Make sure to make the critical tank a much lower melting point than the non-
critical tank. Burst diaphragms (well, low melting point plugs, like steam
boilers have used for a few centuries now).

Possibly you're confusing "inherently safe" with "it can't break or become
uneconomical". Also talking about inherently safe plants, usually they're
talking physics, an inattentive enough electrician could probably find a way
to put his hand across the output of an alternator, there's just nothing
"nuclear" about those kind of accidents other than the worksite happening to
be a plant.

Inherently safe just means you can't have a Chernobyl because water doesn't
burn as well as charcoal. Its inherently very difficult to set PWR moderator
on fire (water) compared to the Chernobyl experience (graphite, more or less
purified coal). Although its against the spirit of the linked article, the PWR
"near" my house inherently can't have a sodium leak because it doesn't use
sodium as a coolant.

------
mixmastamyk
I have a bit of a connection with this incident, I grew up in Simi Valley, not
far from Los Angeles; it is not an academic subject to me. In short, they
built a defective reactor in a warehouse a few miles away from several cities
and covered it up when it exploded.

A number of workers and their spouses (known by my parents) died early in
their 40s from cancer ostensibly due to contamination. There is a belief in
increased birth defects in the area, but I can't find anything to cite right
now.

The shame is that we used to be proud of having rocketdyne nearby, testing
rocket engines and such, which we could hear from our school yards.
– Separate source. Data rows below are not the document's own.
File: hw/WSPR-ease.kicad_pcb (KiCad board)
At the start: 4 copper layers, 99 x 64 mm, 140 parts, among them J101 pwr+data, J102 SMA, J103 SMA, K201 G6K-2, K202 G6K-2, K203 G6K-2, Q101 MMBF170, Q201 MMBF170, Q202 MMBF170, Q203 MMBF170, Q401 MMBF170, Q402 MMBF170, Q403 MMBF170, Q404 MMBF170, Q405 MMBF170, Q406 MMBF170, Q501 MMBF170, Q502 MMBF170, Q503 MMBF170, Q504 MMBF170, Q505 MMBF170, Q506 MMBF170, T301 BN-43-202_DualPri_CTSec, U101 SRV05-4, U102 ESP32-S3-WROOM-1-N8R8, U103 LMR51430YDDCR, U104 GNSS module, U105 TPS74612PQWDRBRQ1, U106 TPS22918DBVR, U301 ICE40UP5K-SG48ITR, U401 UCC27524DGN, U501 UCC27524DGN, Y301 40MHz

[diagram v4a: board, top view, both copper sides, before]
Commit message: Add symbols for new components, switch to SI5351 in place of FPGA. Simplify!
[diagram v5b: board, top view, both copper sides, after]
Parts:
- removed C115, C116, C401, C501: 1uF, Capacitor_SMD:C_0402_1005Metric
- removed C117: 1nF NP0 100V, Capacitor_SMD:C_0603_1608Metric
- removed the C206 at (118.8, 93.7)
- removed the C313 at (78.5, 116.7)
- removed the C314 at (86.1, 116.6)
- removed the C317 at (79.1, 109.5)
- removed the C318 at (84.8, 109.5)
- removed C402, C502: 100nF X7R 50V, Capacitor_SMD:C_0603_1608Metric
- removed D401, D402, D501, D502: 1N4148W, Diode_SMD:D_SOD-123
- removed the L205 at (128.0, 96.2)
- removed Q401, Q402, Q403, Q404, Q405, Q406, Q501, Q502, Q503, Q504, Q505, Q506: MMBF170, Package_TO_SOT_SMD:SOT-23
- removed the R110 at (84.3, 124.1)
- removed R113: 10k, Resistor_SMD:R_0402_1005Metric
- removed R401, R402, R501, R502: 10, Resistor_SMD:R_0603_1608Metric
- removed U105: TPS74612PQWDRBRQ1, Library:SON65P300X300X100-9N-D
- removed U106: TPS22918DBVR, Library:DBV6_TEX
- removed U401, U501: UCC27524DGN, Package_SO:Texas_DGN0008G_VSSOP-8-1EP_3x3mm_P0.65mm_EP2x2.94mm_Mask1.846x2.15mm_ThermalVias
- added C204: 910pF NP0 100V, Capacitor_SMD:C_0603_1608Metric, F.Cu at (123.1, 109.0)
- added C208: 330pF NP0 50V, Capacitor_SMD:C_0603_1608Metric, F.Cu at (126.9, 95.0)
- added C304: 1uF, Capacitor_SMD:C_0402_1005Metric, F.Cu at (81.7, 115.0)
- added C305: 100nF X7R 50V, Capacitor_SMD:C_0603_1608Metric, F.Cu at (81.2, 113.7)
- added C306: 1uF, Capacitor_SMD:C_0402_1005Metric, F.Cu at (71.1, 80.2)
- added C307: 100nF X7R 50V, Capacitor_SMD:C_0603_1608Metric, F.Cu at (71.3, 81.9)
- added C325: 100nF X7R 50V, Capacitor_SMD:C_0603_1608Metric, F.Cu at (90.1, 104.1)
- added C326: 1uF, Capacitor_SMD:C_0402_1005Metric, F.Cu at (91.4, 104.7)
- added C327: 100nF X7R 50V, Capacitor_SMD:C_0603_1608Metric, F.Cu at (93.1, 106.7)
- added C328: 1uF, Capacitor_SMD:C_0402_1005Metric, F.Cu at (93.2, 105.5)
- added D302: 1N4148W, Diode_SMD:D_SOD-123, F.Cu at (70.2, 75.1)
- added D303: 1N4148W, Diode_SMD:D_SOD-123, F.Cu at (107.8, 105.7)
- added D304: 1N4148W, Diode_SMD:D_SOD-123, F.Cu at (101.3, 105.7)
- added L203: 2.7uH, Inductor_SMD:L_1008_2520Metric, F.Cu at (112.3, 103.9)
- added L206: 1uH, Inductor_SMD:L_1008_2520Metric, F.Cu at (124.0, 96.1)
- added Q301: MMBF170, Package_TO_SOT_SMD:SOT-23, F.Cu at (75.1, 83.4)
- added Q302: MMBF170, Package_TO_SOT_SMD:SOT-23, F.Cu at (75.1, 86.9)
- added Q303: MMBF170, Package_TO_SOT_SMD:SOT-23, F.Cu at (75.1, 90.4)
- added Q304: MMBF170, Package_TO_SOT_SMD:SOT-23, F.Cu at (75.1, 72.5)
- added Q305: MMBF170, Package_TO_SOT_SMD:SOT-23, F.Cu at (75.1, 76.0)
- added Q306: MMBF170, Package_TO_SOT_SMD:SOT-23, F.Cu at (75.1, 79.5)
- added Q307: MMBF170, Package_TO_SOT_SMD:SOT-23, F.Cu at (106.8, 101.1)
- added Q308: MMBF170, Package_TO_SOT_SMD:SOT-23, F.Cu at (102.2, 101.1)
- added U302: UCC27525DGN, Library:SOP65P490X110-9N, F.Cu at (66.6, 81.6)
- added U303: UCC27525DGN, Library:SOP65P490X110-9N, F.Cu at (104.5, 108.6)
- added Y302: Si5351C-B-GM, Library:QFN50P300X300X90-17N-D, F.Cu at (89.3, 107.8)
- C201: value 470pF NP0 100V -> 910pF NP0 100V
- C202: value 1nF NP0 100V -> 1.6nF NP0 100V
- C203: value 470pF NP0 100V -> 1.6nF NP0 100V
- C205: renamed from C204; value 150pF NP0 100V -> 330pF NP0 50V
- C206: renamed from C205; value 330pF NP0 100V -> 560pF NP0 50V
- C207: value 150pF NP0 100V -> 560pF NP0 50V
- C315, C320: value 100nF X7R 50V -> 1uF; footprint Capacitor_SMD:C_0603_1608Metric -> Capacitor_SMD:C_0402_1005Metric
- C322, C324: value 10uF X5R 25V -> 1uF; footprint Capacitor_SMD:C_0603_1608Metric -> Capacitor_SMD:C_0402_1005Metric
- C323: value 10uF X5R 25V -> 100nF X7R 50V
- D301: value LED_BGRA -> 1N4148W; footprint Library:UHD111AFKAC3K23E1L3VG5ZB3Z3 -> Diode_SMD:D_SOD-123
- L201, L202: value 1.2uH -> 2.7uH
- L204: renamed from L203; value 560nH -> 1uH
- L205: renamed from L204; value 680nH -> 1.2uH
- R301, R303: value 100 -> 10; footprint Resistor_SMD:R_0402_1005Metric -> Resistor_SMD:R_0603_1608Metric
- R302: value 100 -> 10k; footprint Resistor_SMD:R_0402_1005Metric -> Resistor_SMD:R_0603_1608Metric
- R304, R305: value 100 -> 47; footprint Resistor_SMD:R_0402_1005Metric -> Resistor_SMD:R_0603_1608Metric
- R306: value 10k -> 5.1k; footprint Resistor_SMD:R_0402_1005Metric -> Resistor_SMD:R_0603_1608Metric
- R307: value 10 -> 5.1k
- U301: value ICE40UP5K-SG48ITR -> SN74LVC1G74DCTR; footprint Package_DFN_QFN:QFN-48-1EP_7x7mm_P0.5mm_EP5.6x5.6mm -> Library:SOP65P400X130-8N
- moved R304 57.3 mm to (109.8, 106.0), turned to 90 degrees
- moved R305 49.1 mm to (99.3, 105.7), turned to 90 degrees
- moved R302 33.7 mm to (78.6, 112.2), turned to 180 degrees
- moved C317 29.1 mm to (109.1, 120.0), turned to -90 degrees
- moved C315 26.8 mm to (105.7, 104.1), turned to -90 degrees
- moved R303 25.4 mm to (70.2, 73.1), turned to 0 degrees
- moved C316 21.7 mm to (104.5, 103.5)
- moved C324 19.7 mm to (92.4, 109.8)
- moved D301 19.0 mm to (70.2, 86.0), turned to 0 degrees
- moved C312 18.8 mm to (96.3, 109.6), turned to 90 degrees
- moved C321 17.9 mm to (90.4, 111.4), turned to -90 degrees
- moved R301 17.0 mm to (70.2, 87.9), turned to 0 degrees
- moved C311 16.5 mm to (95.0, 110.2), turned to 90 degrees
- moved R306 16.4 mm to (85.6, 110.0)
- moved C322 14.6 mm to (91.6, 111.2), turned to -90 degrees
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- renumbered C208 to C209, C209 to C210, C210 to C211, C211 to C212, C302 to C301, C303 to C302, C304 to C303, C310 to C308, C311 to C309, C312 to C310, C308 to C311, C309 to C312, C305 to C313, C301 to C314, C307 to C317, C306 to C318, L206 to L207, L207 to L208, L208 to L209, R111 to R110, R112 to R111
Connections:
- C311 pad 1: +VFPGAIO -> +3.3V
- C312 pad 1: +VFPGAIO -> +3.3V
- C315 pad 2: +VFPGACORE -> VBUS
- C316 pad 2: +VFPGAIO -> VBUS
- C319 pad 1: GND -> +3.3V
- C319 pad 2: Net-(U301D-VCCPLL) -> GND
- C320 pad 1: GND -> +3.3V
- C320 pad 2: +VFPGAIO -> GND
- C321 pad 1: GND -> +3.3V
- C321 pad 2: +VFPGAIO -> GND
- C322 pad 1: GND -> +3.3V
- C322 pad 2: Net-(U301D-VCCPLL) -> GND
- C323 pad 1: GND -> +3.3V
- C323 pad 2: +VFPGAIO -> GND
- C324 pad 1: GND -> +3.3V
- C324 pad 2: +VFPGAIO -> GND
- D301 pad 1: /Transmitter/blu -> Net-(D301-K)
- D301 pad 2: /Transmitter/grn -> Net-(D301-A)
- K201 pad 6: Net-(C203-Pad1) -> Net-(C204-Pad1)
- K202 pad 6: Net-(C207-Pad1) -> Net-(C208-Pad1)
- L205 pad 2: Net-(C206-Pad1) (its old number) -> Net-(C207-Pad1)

Little did
we know how reckless they were, and had had a meltdown a few years prior.

------
jballanc
I find various accounts of nuclear accidents fascinating because, as the intro
of the article alludes to, they often involve complex systems undergoing
complex failure scenarios.

Then there's SL-1
([https://en.wikipedia.org/wiki/SL-1](https://en.wikipedia.org/wiki/SL-1)).
That was a really stupidly simple failure, but of all the accidents I've read
about I find it the most poignant reminder of why nuclear reactors _are_ such
complex systems in the first place.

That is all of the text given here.